2. **Silhouette Score:** (Optional but recommended) Measures how similar an object is to its own cluster compared to other clusters.

In [None]:
# Calculating WCSS for K=1 to K=10
wcss = []
silhouette_scores = []

for k in range(1, 11):
    kmeans = KMeans(n_clusters=k, init='k-means++', random_state=42)
    kmeans.fit(X_scaled)
    wcss.append(kmeans.inertia_)
    
    # Silhouette score is only valid for k > 1
    if k > 1:
        score = silhouette_score(X_scaled, kmeans.labels_)
        silhouette_scores.append(score)

**Visualizing the Elbow Curve:**

In [None]:
plt.figure(figsize=(10, 5))
plt.plot(range(1, 11), wcss, marker='o', linestyle='--', color='crimson')
plt.title('Elbow Method: WCSS vs Number of Clusters')
plt.xlabel('Number of Clusters (K)')
plt.ylabel('WCSS (Inertia)')
plt.grid(True)
plt.show()

**Interpretation:** The plot shows a clear "elbow" at **K=5** (and potentially K=6). We will proceed with K=5 as it offers the best balance between cluster compactness and interpretability.

### 6. Model Training
We initialize K-Means with `k-means++` to select intelligent starting centroids, which speeds up convergence and avoids poor clustering results.

In [None]:
# Final Model with K=5
kmeans_final = KMeans(n_clusters=5, init='k-means++', random_state=42)
df['Cluster'] = kmeans_final.fit_predict(X_scaled)

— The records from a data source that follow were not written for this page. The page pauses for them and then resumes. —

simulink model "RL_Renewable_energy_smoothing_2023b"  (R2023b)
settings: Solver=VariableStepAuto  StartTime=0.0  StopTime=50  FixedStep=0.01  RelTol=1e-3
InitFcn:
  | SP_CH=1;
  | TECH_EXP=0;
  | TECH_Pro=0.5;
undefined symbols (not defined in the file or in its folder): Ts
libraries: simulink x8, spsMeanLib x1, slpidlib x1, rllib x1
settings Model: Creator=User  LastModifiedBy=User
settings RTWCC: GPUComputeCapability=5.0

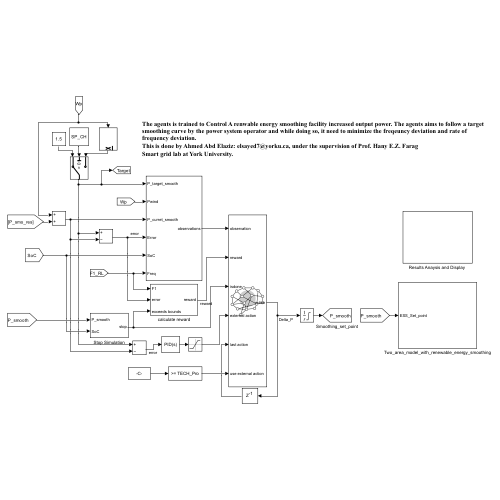
[thumbnail: Simulink's stored preview of the top-level diagram]
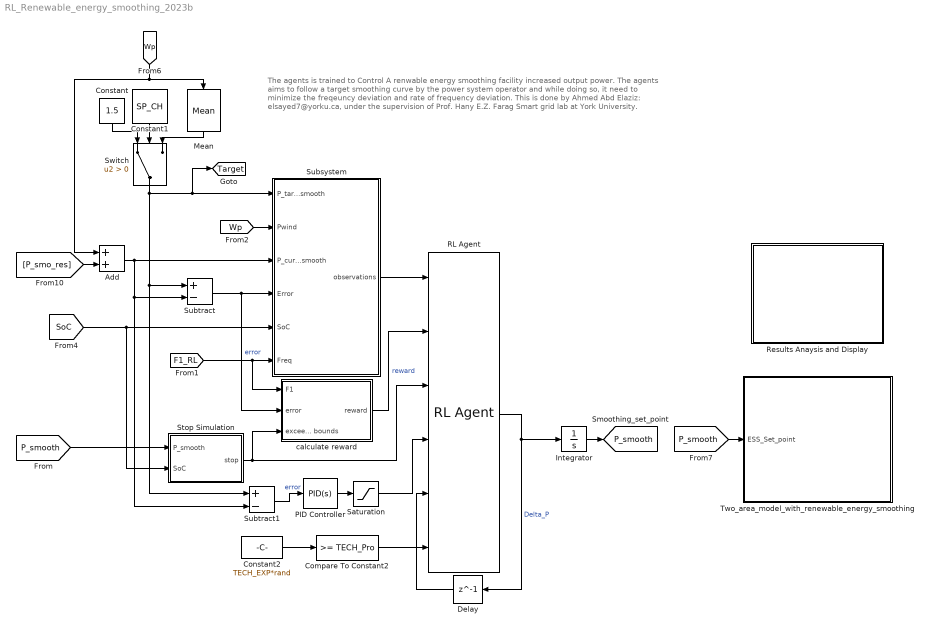
== system RL_Renewable_energy_smoothing_2023b ==
  note: The agents is trained to Control A renwable energy smoothing facility increased output power. The agents aims to follow a target smoothing curve by the power system operator and while doing so, it need to minimize the freqeuncy deviation and rate of frequency deviation.
      | This is done by Ahmed Abd Elaziz: elsayed7@yorku.ca, under the supervision of Prof. Hany E.Z. Farag
      | Smart grid lab at York University.
  Add : Sum
  Compare To Constant2 : simulink/Logic and Bit Operations/Compare To Constant  relop=>=  const=TECH_Pro  OutDataTypeStr=boolean
  Constant : Constant  Value=1.5
  Constant1 : Constant  Value=SP_CH
  Constant2 : Constant  Value=TECH_EXP*rand
  Delay : Delay  DelayLength=1  InitialCondition=0  SampleTime=Ts
  Integrator : Integrator  LimitOutput=on  UpperSaturationLimit=0.1  LowerSaturationLimit=-0.1
  Mean : spsMeanLib/Mean  Freq=1/6  Vinit=1.6  Ts=Ts
  PID Controller : slpidlib/PID Controller  Controller=PID  Form=Parallel  TimeDomain=Continuous-time  UseExternalTs=off  SampleTime=-1  IntegratorMethod=Forward Euler  FilterMethod=Forward Euler  ControllerParametersSource=internal  P=0.9  I=0.4  UseKiTs=off  D=0  N=100  UseFilter=on  TunerSelectOption=Transfer Function Based (PID Tuner App)  InitialConditionSource=internal  InitialConditionForIntegrator=0  InitialConditionForFilter=0  DifferentiatorICPrevScaledInput=0  ExternalReset=none  TrackingMode=off  Kt=1  LimitOutput=off  SatLimitsSource=internal  UpperSaturationLimit=inf  LowerSaturationLimit=-inf  LinearizeAsGain=on  AntiWindupMode=none  Kb=1  LimitIntegrator=off  UpperIntegratorSaturationLimit=inf  LowerIntegratorSaturationLimit=-inf  POutMin=[]  POutMax=[]  IOutMin=[]  IOutMax=[]  DOutMin=[]  DOutMax=[]  NOutMin=[]  NOutMax=[]  SumOutMin=[]  SumOutMax=[]  SaturationOutMin=[]  SaturationOutMax=[]  PParamMin=[]  PParamMax=[]  IParamMin=[]  IParamMax=[]  DParamMin=[]  DParamMax=[]  NParamMin=[]  NParamMax=[]  KbParamMin=[]  KbParamMax=[]  KtParamMin=[]  KtParamMax=[]  KbOutMin=[]  KbOutMax=[]  KtOutMin=[]  KtOutMax=[]  IntegratorOutMin=[]  IntegratorOutMax=[]  FilterOutMin=[]  FilterOutMax=[]  SumI1OutMin=[]  SumI1OutMax=[]  SumI2OutMin=[]  SumI2OutMax=[]  SumI3OutMin=[]  SumI3OutMax=[]  SumI4OutMin=[]  SumI4OutMax=[]  SumDOutMin=[]  SumDOutMax=[]  DifferentiatorOutMin=[]  DifferentiatorOutMax=[]  FilterDiffOutCoefMin=[]  FilterDiffOutCoefMax=[]  ReciprocalOutMin=[]  ReciprocalOutMax=[]  SumDenOutMin=[]  SumDenOutMax=[]  SumNumOutMin=[]  SumNumOutMax=[]  DivideOutMin=[]  DivideOutMax=[]  UdiffTsProdOutMin=[]  UdiffTsProdOutMax=[]  NTsProdOutMin=[]  NTsProdOutMax=[]  UintegralTsProdOutMin=[]  UintegralTsProdOutMax=[]  UngainTsProdOutMin=[]  UngainTsProdOutMax=[]  ClampingZeroOutDataTypeStr=Inherit: Inherit via back propagation  ClampingZeroOutMin=[]  ClampingZeroOutMax=[]  FilterDenConstantOutDataTypeStr=Inherit: Inherit via back propagation  FilterDenConstantOutMin=[]  FilterDenConstantOutMax=[]  PCopyOutDataTypeStr=Inherit: Inherit via back propagation  PCopyOutMin=[]  PCopyOutMax=[]  NCopyOutDataTypeStr=Inherit: Inherit via back propagation  NCopyOutMin=[]  NCopyOutMax=[]  IntegratorContinuousStateAttributes=''  IntegratorStateMustResolveToSignalObject=off  IntegratorRTWStateStorageClass=Auto  FilterContinuousStateAttributes=''  FilterStateMustResolveToSignalObject=off  FilterRTWStateStorageClass=Auto  ParallelPVariant=InternalParameters  IdealPVariant=Disabled  IVariant=InternalParameters  DVariant=InternalParameters  IntegratorVariant=Continuous  SatVariant=Disabled  AWVariant=Passthrough  PCopyVariant=Disabled  TRVariant=Disabled  FdbkBlocksVariant=Forward  IdealPFdbkVariant=Disabled  SatFdbkVariant=Disabled  DerivativeFilterVariant=ContFilter  NVariant=InternalParameters  NCopyVariant=Disabled  FilterICVariant=InternalICsFilter  IntegratorICVariant=InternalICs  ExternalResetVariant=Disabled  TRSumVariant=Passthrough  SumFdbkVariant=Disabled  SumVariant=Sum_PID  TsampFilterVariant=InternalTs  TsampNgainVariant=Passthrough  TsampIntegralVariant=Disabled_SignalSpec  ExternalSaturationOutDataTypeStr=Inherit: Same as second input
  RL Agent : rllib/RL Agent  Agent=agent  ExternalActionAsInput=on  ProvideLastAction=on  ProvideCumRwd=off  TreatAsDirectFeedthrough=on  UseStrictObservationDataTypes=off
  "Results Anaysis and Display " : Subsystem
  Saturation : Saturate  UpperLimit=0.1  LowerLimit=-0.1
  Stop Simulation : Subsystem
  Subsystem : Subsystem
  Subtract : Sum  Inputs=+-
  Subtract1 : Sum  Inputs=+-
  Switch : Switch  Criteria=u2 > Threshold  SaturateOnIntegerOverflow=off  InputSameDT=off
  Two_area_model_with_renewable_energy_smoothing : Subsystem
  calculate reward : Subsystem
  tag scope: P_smooth=global, Target=global
  wires:
  [P_smooth] -> Stop Simulation/1(P_smooth)
  [P_smo_res] -> Add/2
  Stop Simulation/1(stop) -> calculate reward/3(exceeds bounds), RL Agent/3
  [F1_RL] -> calculate reward/1(F1), Subsystem/6(Freq)
  Subtract/1 -> calculate reward/2(error), Subsystem/4(Error)  "error"
  RL Agent/1 -> Integrator/1, Delay/1  "Delta_P"
  Subsystem/1(observations) -> RL Agent/1
  calculate reward/1(reward) -> RL Agent/2  "reward"
  Compare To Constant2/1 -> RL Agent/6
  Add/1 -> Subtract/2, Subtract1/2, Subsystem/3(P_curret_smooth)
  Subtract1/1 -> PID Controller/1  "error"
  Integrator/1 -> [P_smooth]
  PID Controller/1 -> Saturation/1
  Constant2/1 -> Compare To Constant2/1
  [Wp] -> Mean/1, Add/1
  Mean/1 -> Switch/3
  Constant1/1 -> Switch/2
  Switch/1 -> Subtract/1, Subtract1/1, [Target], Subsystem/1(P_target_smooth)
  [Wp] -> Subsystem/2(Pwind)
  Constant/1 -> Switch/1
  [P_smooth] -> Two_area_model_with_renewable_energy_smoothing/1(ESS_Set_point)
  [SoC] -> Subsystem/5(SoC), Stop Simulation/2(SoC)
  Saturation/1 -> RL Agent/4
  Delay/1 -> RL Agent/5

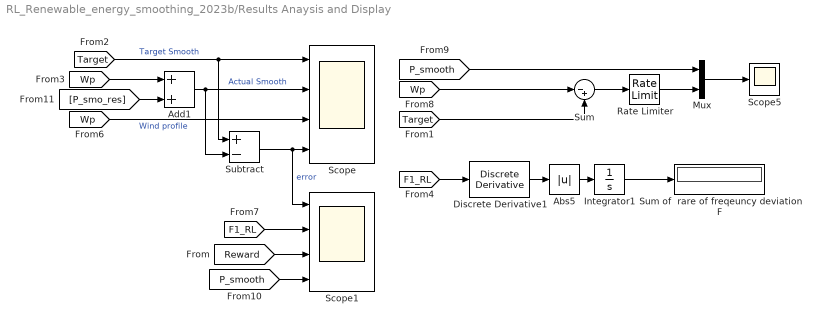
== system RL_Renewable_energy_smoothing_2023b/Results Anaysis and Display  ==
  Abs5 : Abs  SaturateOnIntegerOverflow=off
  Add1 : Sum
  Discrete Derivative1 : simulink/Discrete/Discrete Derivative  gainval=1.0  ICPrevScaledInput=0.0  OutMin=[]  OutMax=[]  OutDataType=fixdt(1, 16)  OutScaling=2^-10  DoSatur=off
  Integrator1 : Integrator
  Mux : Mux  Inputs=2
  Rate Limiter : RateLimiter  RisingSlewLimit=0.1  FallingSlewLimit=-0.1  SampleTimeMode=inherited
  Scope : Scope  NumInputPorts=4
  Scope1 : Scope  NumInputPorts=4
  Scope5 : Scope
  Subtract : Sum  Inputs=+-
  Sum : Sum  Inputs=|-+
  Sum of  rare of freqeuncy deviation F : Display
  wires:
  Rate Limiter/1 -> Mux/2
  Mux/1 -> Scope5/1
  Sum/1 -> Rate Limiter/1
  [Target] -> Sum/2
  [Wp] -> Sum/1
  [P_smooth] -> Mux/1
  Abs5/1 -> Integrator1/1
  Integrator1/1 -> Sum of  rare of freqeuncy deviation F/1
  [F1_RL] -> Discrete Derivative1/1
  Discrete Derivative1/1 -> Abs5/1
  [P_smo_res] -> Add1/2
  [Target] -> Scope/1, Subtract/1  "Target Smooth"
  [Wp] -> Add1/1
  Add1/1 -> Subtract/2, Scope/2  "Actual Smooth"
  [Wp] -> Scope/3  "Wind profile"
  Subtract/1 -> Scope1/1, Scope/4  "error"
  [F1_RL] -> Scope1/2
  [Reward] -> Scope1/3
  [P_smooth] -> Scope1/4

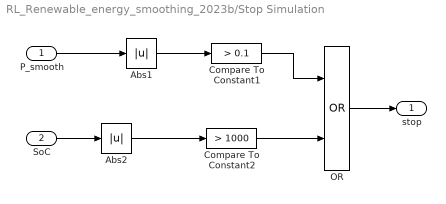
== system RL_Renewable_energy_smoothing_2023b/Stop Simulation ==
  P_smooth : Inport
  SoC : Inport  Port=2
  Abs1 : Abs  SaturateOnIntegerOverflow=off
  Abs2 : Abs  SaturateOnIntegerOverflow=off
  Compare To Constant1 : simulink/Logic and Bit Operations/Compare To Constant  relop=>  const=0.1  OutDataTypeStr=boolean
  Compare To Constant2 : simulink/Logic and Bit Operations/Compare To Constant  relop=>  const=1000  OutDataTypeStr=boolean
  OR : Logic  Operator=OR  IconShape=distinctive  AllPortsSameDT=off  OutDataTypeStr=boolean
  stop : Outport  VectorParamsAs1DForOutWhenUnconnected=off
  wires:
  P_smooth/1 -> Abs1/1
  OR/1 -> stop/1
  Compare To Constant1/1 -> OR/1
  Abs1/1 -> Compare To Constant1/1
  SoC/1 -> Abs2/1
  Abs2/1 -> Compare To Constant2/1
  Compare To Constant2/1 -> OR/2

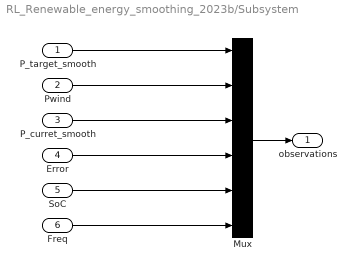
== system RL_Renewable_energy_smoothing_2023b/Subsystem ==
  P_target_smooth : Inport
  Pwind : Inport  Port=2
  P_curret_smooth : Inport  Port=3
  Error : Inport  Port=4
  SoC : Inport  Port=5
  Freq : Inport  Port=6
  Mux : Mux  Inputs=6
  observations : Outport  VectorParamsAs1DForOutWhenUnconnected=off
  wires:
  Mux/1 -> observations/1
  P_target_smooth/1 -> Mux/1
  Error/1 -> Mux/4
  P_curret_smooth/1 -> Mux/3
  Pwind/1 -> Mux/2
  SoC/1 -> Mux/5
  Freq/1 -> Mux/6

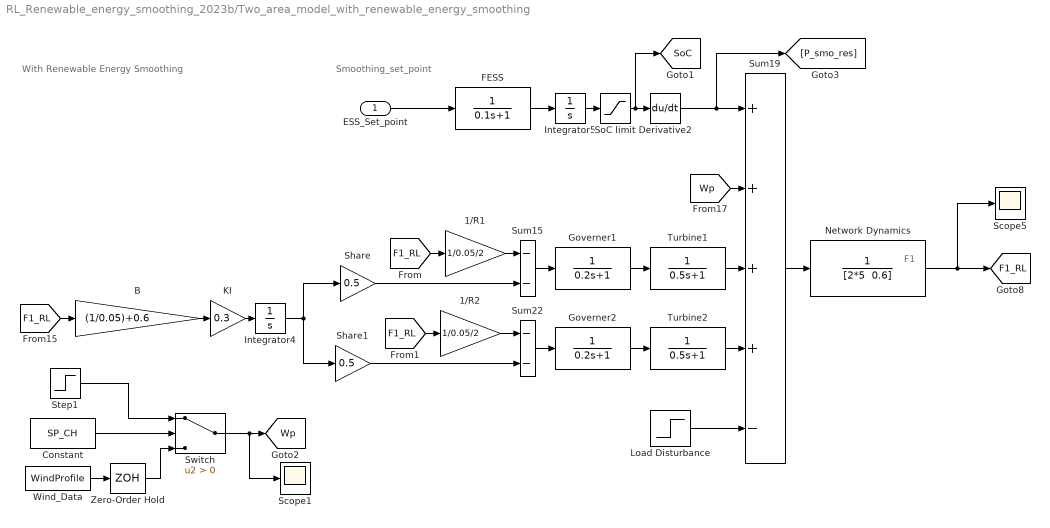
== system RL_Renewable_energy_smoothing_2023b/Two_area_model_with_renewable_energy_smoothing ==
  note: Smoothing_set_point
  note: With Renewable Energy Smoothing
  note: F1
  ESS_Set_point : Inport
  1/R1 : Gain  Gain=1/0.05/2
  1/R2 : Gain  Gain=1/0.05/2
  B : Gain  Gain=(1/0.05)+0.6
  Constant : Constant  Value=SP_CH
  Derivative2 : Derivative
  FESS : TransferFcn  Numerator=[0 1]  Denominator="[0.1  1]"
  Governer1 : TransferFcn  Numerator=[0 1]  Denominator="[0.2  1]"
  Governer2 : TransferFcn  Numerator=[0 1]  Denominator="[0.2  1]"
  Integrator4 : Integrator
  Integrator5 : Integrator  InitialCondition=-9600/10/2
  KI : Gain  Gain=0.3
  Load Disturbance : Step  Time=20+rand*10
  Network Dynamics : TransferFcn  Denominator="[2*5  0.6]"
  Scope1 : Scope
  Scope5 : Scope
  Share : Gain  Gain=0.5
  Share1 : Gain  Gain=0.5
  SoC limit : Saturate  UpperLimit=0  LowerLimit=-9600/10
  Step1 : Step  Time=25  Before=1.5  After=1.55  SampleTime=0
  Sum15 : Sum  Inputs=--  InputSameDT=on  SaturateOnIntegerOverflow=on  OutDataTypeStr=Inherit: Same as first input
  Sum19 : Sum  Inputs=++++-  InputSameDT=on  SaturateOnIntegerOverflow=on  OutDataTypeStr=Inherit: Same as first input
  Sum22 : Sum  Inputs=--  InputSameDT=on  SaturateOnIntegerOverflow=on  OutDataTypeStr=Inherit: Same as first input
  Switch : Switch  Criteria=u2 > Threshold  SaturateOnIntegerOverflow=off  InputSameDT=off
  Turbine1 : TransferFcn  Numerator=[0 1]  Denominator="[0.5  1]"
  Turbine2 : TransferFcn  Numerator=[0 1]  Denominator="[0.5  1]"
  Wind_Data : FromWorkspace  VariableName=WindProfile  SampleTime=0.1
  Zero-Order Hold : ZeroOrderHold  SampleTime=0.01
  tag scope: F1_RL=global, SoC=global, Wp=global
  wires:
  Wind_Data/1 -> Zero-Order Hold/1
  Switch/1 -> Scope1/1, [Wp]
  Zero-Order Hold/1 -> Switch/3
  Constant/1 -> Switch/2
  Step1/1 -> Switch/1
  1/R2/1 -> Sum22/1
  Network Dynamics/1 -> Scope5/1, [F1_RL]
  Governer2/1 -> Turbine2/1
  Integrator5/1 -> SoC limit/1
  KI/1 -> Integrator4/1
  Sum22/1 -> Governer2/1
  Share1/1 -> Sum22/2
  [F1_RL] -> B/1
  [F1_RL] -> 1/R2/1
  Governer1/1 -> Turbine1/1
  1/R1/1 -> Sum15/1
  Turbine1/1 -> Sum19/3
  B/1 -> KI/1
  FESS/1 -> Integrator5/1
  Share/1 -> Sum15/2
  SoC limit/1 -> Derivative2/1, [SoC]
  Sum19/1 -> Network Dynamics/1
  Integrator4/1 -> Share1/1, Share/1
  Load Disturbance/1 -> Sum19/5
  Sum15/1 -> Governer1/1
  Derivative2/1 -> [P_smo_res], Sum19/1
  Turbine2/1 -> Sum19/4
  [Wp] -> Sum19/2
  ESS_Set_point/1 -> FESS/1
  [F1_RL] -> 1/R1/1

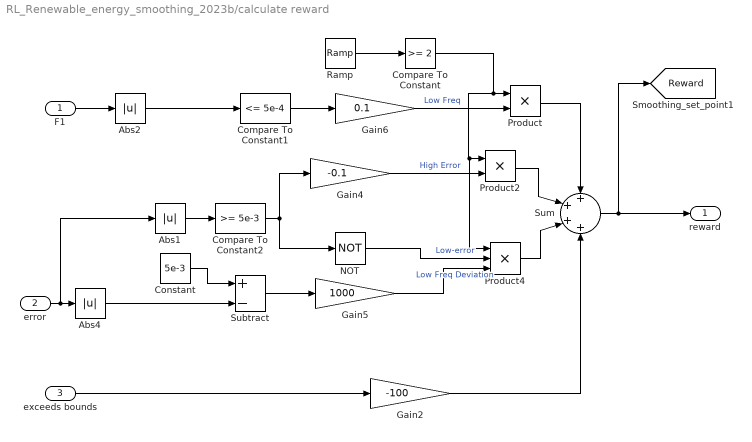
== system RL_Renewable_energy_smoothing_2023b/calculate reward ==
  F1 : Inport
  error : Inport  Port=2
  exceeds bounds : Inport  Port=3
  Abs1 : Abs  SaturateOnIntegerOverflow=off
  Abs2 : Abs  SaturateOnIntegerOverflow=off
  Abs4 : Abs  SaturateOnIntegerOverflow=off
  Compare To Constant : simulink/Logic and Bit Operations/Compare To Constant  relop=>=  const=2  OutDataTypeStr=boolean
  Compare To Constant1 : simulink/Logic and Bit Operations/Compare To Constant  relop=<=  const=5e-4  OutDataTypeStr=boolean
  Compare To Constant2 : simulink/Logic and Bit Operations/Compare To Constant  relop=>=  const=5e-3  OutDataTypeStr=boolean
  Constant : Constant  Value=5e-3
  Gain2 : Gain  Gain=-100
  Gain4 : Gain  Gain=-0.1
  Gain5 : Gain  Gain=1000
  Gain6 : Gain  Gain=0.1
  NOT : Logic  Operator=NOT  IconShape=distinctive  AllPortsSameDT=off  OutDataTypeStr=boolean
  Product : Product
  Product2 : Product
  Product4 : Product  Inputs=3
  Ramp : simulink/Sources/Ramp  slope=1  start=0  InitialOutput=0
  Subtract : Sum  Inputs=+-
  Sum : Sum  Inputs=++++  OutDataTypeStr=double
  reward : Outport  VectorParamsAs1DForOutWhenUnconnected=off
  tag scope: Reward=global
  wires:
  Sum/1 -> [Reward], reward/1
  exceeds bounds/1 -> Gain2/1
  F1/1 -> Abs2/1
  error/1 -> Abs1/1, Abs4/1
  Ramp/1 -> Compare To Constant/1
  Compare To Constant1/1 -> Gain6/1
  Product/1 -> Sum/1
  Compare To Constant/1 -> Product/1, Product4/1, Product2/1
  Gain4/1 -> Product2/2  "High Error"
  Abs1/1 -> Compare To Constant2/1
  Compare To Constant2/1 -> Gain4/1, NOT/1
  NOT/1 -> Product4/2  "Low-error"
  Constant/1 -> Subtract/1
  Gain5/1 -> Product4/3  "Low Freq Deviation"
  Subtract/1 -> Gain5/1
  Abs2/1 -> Compare To Constant1/1
  Gain6/1 -> Product/2  "Low Freq"
  Abs4/1 -> Subtract/2
  Gain2/1 -> Sum/4
  Product2/1 -> Sum/2
  Product4/1 -> Sum/3

print("Clustering completed. Labels assigned.")

### 7. 3D Visualization & Interpretation
Since we used three features, a 2D plot would result in information loss. A 3D scatter plot allows us to view the separation of clusters across Age, Income, and Spending Score simultaneously.

In [None]:
# Interactive 3D Plot
fig = px.scatter_3d(df, 
                    x='Age', 
                    y='Annual Income (k$)', 
                    z='Spending Score (1-100)',
                    color='Cluster', 
                    opacity=0.8, 
                    title="3D Cluster Visualization",
                    labels={'Cluster': 'Customer Segment'},
                    color_continuous_scale=px.colors.qualitative.Bold)
fig.show()

### 8. Conclusion & Strategic Recommendations
By analyzing the centroids of the derived clusters, we can profile the customer segments as follows:

| Cluster | Characteristics (Age / Income / Spend) | Persona | Strategy |
| :--- | :--- | :--- | :--- |
| **0** | Middle Age / Medium / Medium | **The Average Joe** | Standard promotions and retention strategies. |
| **1** | Young / High / High | **The Elite** | VIP treatment, luxury brand marketing, and exclusive access. |
| **2** | Old / High / Low | **The Conservative Wealthy** | Focus on "Value for Money" and quality assurance. |
| **3** | Young / Low / High | **The Impulse Buyer** | Target with flash sales and trend-focused marketing. |
| **4** | Any / Low / Low | **The Budget Conscious** | Offer discounts, coupons, and clearance sales. |

**Future Work:** 
To improve this model, we could incorporate:
* **Hierarchical Clustering** (Dendrograms) to validate K.
* **Categorical Data:** Including Gender in the analysis using K-Modes or Gower Distance.